Return all of the following entries as written, but without the images.
Start of DATA FOR ANALYSIS
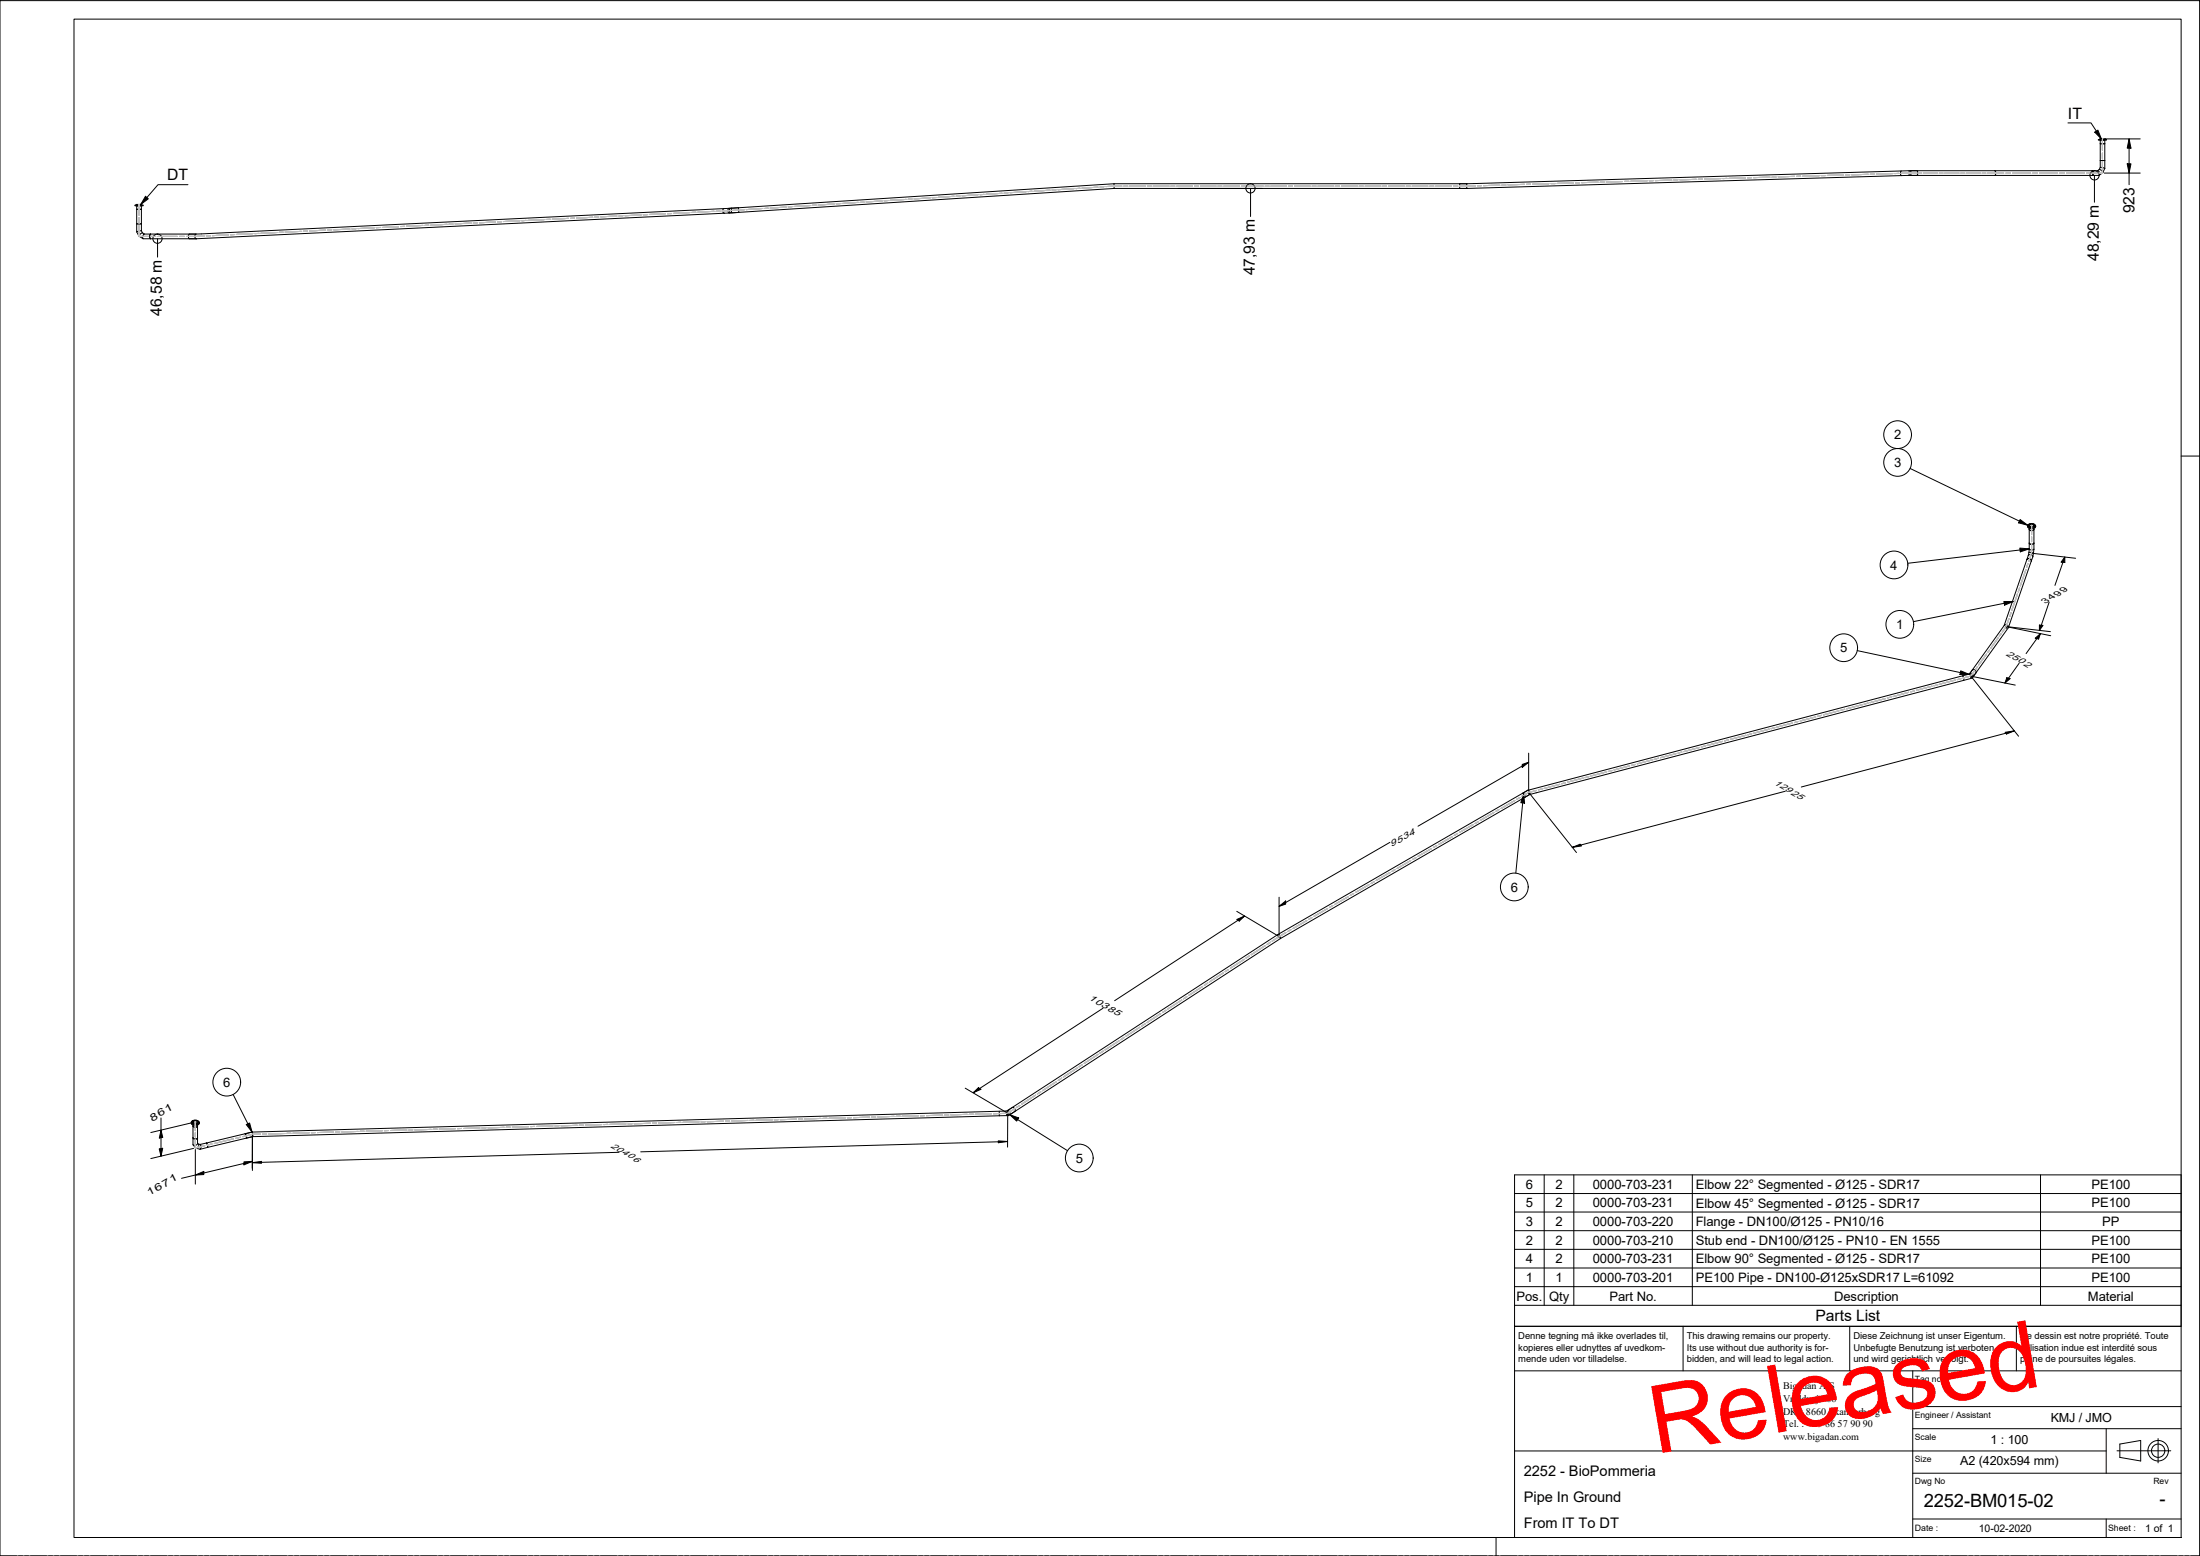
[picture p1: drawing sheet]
<svg xmlns="http://www.w3.org/2000/svg" width="594mm" height="420mm" viewBox="0 0 594 420" stroke-linecap="round" stroke-linejoin="round" font-family="sans-serif">
<!-- layer: 3D Sketch Geometry -->
<g fill="none" stroke="#c0c0c0" stroke-width=".27">
<path d="M567.7 37.5v3.1M37.5 55.2v2.9M37.5 58.8v1.4M133.8 59.9l-4.3 .3M135.5 59.9h-1.1M140.4 59.6l-4.4 .2M142 59.5l-1.1 .1M146.9 59.3l-4.3 .2M148.6 59.2l-1.1 .1M153.5 59l-4.4 .2M155.1 58.9l-1 .1M160.1 58.7l-4.4 .2"/>
<path d="M161.7 58.6h-1.1M166.6 58.3l-4.4 .2M168.2 58.3h-1.1M173.1 58l-4.3 .3M174.8 58h-1.1M179.7 57.7l-4.4 .2M181.4 57.7h-1.1M186.3 57.4l-4.4 .2M187.9 57.3l-1.1 .1M192.8 57.1l-4.3 .2M194.5 57l-1.1 .1M199.3 56.7l-4.3 .3"/>
<path d="M201 56.6l-1.1 .1M205.8 56.3l-4.3 .3M207.4 56.2l-1 .1M212.3 55.9l-4.3 .3M213.9 55.8l-1 .1M218.8 55.5l-4.3 .3M220.4 55.4l-1.1 .1M225.3 55.1l-4.4 .3M226.9 55h-1.1M231.7 54.7l-4.3 .2M233.3 54.6l-1 .1M238.2 54.3l-4.3 .2"/>
<path d="M239.8 54.1l-1 .1M244.7 53.8l-4.3 .3M246.3 53.7l-1.1 .1M251.2 53.4l-4.4 .3M252.8 53.3l-1.1 .1M257.6 53l-4.3 .3M259.2 52.9l-1 .1M264.1 52.6l-4.3 .3M265.7 52.5l-1 .1M270.6 52.2l-4.3 .3M272.2 52.1l-1.1 .1M277.1 51.8l-4.3 .2"/>
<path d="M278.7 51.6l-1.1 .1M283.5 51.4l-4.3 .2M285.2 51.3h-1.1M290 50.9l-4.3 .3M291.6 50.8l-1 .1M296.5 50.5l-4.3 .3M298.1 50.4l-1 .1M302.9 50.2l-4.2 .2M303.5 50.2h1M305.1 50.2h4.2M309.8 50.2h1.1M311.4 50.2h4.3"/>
End of DATA FOR ANALYSIS
**SOLUTION FOR THIS PROBLEM**
[picture p1: drawing sheet]
<svg xmlns="http://www.w3.org/2000/svg" width="594mm" height="420mm" viewBox="0 0 594 420" stroke-linecap="round" stroke-linejoin="round" font-family="sans-serif">
<!-- layer: 3D Sketch Geometry -->
<g fill="none" stroke="#c0c0c0" stroke-width=".27">
<path d="M567.7 37.5v3.1M37.5 55.2v2.9M37.5 58.8v1.4M133.8 59.9l-4.3 .3M135.5 59.9h-1.1M140.4 59.6l-4.4 .2M142 59.5l-1.1 .1M146.9 59.3l-4.3 .2M148.6 59.2l-1.1 .1M153.5 59l-4.4 .2M155.1 58.9l-1 .1M160.1 58.7l-4.4 .2"/>
<path d="M161.7 58.6h-1.1M166.6 58.3l-4.4 .2M168.2 58.3h-1.1M173.1 58l-4.3 .3M174.8 58h-1.1M179.7 57.7l-4.4 .2M181.4 57.7h-1.1M186.3 57.4l-4.4 .2M187.9 57.3l-1.1 .1M192.8 57.1l-4.3 .2M194.5 57l-1.1 .1M199.3 56.7l-4.3 .3"/>
<path d="M201 56.6l-1.1 .1M205.8 56.3l-4.3 .3M207.4 56.2l-1 .1M212.3 55.9l-4.3 .3M213.9 55.8l-1 .1M218.8 55.5l-4.3 .3M220.4 55.4l-1.1 .1M225.3 55.1l-4.4 .3M226.9 55h-1.1M231.7 54.7l-4.3 .2M233.3 54.6l-1 .1M238.2 54.3l-4.3 .2"/>
<path d="M239.8 54.1l-1 .1M244.7 53.8l-4.3 .3M246.3 53.7l-1.1 .1M251.2 53.4l-4.4 .3M252.8 53.3l-1.1 .1M257.6 53l-4.3 .3M259.2 52.9l-1 .1M264.1 52.6l-4.3 .3M265.7 52.5l-1 .1M270.6 52.2l-4.3 .3M272.2 52.1l-1.1 .1M277.1 51.8l-4.3 .2"/>
<path d="M278.7 51.6l-1.1 .1M283.5 51.4l-4.3 .2M285.2 51.3h-1.1M290 50.9l-4.3 .3M291.6 50.8l-1 .1M296.5 50.5l-4.3 .3M298.1 50.4l-1 .1M302.9 50.2l-4.2 .2M303.5 50.2h1M305.1 50.2h4.2M309.8 50.2h1.1M311.4 50.2h4.3"/>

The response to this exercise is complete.